WHAT THIS TASK INVOLVES:
Every line containing "radius" should be copied out. Go through the entries and find them.
========================================================================
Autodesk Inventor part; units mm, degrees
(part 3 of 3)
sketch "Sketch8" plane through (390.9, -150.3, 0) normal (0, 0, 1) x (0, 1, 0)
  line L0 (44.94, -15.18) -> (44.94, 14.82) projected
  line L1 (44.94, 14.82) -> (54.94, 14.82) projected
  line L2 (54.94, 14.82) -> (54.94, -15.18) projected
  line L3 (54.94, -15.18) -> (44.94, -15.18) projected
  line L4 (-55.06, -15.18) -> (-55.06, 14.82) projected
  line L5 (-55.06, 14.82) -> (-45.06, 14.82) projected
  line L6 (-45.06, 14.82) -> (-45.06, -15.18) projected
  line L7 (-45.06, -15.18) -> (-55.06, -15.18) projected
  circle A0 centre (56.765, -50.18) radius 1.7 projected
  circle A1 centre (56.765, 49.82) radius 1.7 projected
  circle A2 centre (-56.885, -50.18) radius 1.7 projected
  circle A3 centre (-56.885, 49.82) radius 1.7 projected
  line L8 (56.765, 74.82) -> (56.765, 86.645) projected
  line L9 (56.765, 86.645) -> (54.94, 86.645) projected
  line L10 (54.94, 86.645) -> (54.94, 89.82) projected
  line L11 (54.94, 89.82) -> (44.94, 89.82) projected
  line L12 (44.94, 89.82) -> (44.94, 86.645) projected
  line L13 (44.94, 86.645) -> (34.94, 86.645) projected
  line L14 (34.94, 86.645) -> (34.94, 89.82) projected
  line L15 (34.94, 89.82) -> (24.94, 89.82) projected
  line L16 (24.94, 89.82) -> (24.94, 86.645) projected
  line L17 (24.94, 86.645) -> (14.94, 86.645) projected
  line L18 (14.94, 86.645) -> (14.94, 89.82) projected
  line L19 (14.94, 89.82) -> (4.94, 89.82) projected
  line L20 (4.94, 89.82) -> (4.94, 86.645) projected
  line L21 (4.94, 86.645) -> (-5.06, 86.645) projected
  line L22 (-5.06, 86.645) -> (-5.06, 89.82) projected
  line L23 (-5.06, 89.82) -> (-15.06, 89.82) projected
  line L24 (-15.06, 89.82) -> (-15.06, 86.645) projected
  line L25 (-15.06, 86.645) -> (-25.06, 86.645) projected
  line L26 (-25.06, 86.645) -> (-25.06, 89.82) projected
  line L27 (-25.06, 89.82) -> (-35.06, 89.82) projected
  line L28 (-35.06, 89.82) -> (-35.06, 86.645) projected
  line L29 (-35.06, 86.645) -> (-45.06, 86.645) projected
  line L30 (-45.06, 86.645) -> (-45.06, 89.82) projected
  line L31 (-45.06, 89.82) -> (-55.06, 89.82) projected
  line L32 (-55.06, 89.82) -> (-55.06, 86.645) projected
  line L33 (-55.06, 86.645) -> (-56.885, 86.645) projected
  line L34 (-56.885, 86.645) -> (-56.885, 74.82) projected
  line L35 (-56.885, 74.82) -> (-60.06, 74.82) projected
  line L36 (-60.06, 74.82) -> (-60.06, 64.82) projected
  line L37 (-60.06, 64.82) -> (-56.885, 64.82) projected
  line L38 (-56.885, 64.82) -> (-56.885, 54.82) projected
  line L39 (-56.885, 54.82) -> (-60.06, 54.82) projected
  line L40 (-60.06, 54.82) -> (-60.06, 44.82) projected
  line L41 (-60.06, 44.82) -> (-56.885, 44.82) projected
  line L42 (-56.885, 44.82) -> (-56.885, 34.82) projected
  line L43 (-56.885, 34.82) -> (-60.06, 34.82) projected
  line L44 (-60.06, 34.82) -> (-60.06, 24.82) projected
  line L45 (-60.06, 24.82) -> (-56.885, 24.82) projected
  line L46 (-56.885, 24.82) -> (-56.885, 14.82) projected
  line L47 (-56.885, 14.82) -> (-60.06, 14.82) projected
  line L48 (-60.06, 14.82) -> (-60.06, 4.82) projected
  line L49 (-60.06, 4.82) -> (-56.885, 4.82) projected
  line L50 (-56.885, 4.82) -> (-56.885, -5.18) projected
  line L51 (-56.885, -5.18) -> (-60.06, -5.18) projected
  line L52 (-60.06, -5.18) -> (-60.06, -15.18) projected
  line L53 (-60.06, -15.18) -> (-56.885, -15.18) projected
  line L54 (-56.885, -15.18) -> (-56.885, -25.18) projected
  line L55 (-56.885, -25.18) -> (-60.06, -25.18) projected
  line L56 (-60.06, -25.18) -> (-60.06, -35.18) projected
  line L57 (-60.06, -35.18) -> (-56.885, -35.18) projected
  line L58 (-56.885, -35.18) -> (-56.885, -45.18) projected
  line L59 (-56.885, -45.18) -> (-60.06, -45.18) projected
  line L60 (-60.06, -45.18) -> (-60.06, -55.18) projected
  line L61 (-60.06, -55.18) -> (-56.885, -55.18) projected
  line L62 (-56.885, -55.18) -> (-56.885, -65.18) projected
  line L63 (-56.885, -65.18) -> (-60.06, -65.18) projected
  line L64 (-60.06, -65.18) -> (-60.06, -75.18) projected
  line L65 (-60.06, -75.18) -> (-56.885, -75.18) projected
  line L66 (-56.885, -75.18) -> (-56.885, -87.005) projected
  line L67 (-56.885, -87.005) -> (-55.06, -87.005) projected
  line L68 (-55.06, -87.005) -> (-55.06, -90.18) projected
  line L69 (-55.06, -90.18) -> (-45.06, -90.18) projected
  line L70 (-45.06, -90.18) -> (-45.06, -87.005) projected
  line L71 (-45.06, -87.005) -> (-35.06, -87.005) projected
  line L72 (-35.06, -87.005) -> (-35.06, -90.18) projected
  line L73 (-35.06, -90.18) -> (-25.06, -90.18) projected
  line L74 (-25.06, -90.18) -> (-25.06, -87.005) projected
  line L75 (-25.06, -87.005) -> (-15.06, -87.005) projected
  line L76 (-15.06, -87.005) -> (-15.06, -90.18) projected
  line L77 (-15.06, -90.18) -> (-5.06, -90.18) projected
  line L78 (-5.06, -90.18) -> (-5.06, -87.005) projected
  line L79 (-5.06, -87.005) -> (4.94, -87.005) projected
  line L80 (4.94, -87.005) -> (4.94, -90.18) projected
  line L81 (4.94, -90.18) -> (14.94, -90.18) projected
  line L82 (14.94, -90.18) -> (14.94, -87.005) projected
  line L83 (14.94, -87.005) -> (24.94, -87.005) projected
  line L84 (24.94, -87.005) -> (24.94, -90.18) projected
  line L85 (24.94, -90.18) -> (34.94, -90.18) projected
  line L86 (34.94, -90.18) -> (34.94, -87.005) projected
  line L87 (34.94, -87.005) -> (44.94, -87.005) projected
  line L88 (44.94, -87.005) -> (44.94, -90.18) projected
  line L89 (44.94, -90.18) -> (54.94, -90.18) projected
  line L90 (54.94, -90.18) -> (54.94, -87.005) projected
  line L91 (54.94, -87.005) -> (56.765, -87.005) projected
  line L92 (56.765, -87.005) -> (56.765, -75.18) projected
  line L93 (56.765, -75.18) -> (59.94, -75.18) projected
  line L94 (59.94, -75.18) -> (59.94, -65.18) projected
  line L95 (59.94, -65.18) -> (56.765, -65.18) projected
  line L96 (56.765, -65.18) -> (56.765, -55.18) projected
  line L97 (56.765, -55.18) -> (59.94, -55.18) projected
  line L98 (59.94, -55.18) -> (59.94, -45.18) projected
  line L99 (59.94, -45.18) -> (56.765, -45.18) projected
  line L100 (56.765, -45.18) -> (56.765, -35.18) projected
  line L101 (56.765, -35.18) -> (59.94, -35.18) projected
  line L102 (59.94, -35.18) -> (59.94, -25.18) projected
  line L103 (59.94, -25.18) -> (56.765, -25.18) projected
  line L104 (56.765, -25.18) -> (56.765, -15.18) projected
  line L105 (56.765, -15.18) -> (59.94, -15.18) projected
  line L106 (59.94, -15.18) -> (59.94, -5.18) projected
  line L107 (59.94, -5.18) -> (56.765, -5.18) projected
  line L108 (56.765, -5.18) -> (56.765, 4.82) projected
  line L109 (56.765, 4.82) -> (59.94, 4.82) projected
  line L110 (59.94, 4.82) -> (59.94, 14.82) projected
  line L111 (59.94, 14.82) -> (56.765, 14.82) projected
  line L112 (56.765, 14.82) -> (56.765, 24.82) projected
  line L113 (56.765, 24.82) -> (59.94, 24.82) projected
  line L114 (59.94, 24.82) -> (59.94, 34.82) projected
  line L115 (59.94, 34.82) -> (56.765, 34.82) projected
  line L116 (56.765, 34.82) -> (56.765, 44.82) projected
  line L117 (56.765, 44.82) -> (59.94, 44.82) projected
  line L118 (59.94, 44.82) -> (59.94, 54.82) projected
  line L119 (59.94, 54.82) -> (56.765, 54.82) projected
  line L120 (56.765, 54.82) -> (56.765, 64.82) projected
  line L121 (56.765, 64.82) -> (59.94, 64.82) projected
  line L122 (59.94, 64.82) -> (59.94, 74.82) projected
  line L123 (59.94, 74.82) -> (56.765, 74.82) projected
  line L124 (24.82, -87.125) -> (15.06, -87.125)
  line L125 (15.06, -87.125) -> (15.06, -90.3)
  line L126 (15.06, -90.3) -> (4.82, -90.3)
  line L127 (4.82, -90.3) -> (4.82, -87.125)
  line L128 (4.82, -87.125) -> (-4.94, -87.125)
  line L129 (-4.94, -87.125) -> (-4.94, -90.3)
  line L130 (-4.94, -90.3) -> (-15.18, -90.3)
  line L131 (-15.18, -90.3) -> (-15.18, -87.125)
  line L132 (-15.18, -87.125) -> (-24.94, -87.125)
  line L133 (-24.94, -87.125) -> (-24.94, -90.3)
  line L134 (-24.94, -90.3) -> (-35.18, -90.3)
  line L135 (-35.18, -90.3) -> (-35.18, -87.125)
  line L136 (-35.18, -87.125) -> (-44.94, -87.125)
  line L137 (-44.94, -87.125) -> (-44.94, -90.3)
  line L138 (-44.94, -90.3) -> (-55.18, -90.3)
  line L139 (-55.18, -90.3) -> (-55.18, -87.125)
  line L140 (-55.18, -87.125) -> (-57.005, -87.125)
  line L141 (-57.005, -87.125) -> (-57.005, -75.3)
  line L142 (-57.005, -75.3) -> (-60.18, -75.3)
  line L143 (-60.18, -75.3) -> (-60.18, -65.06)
========================================================================
EXPECTED OUTPUT:
  circle A0 centre (56.765, -50.18) radius 1.7 projected
  circle A1 centre (56.765, 49.82) radius 1.7 projected
  circle A2 centre (-56.885, -50.18) radius 1.7 projected
  circle A3 centre (-56.885, 49.82) radius 1.7 projected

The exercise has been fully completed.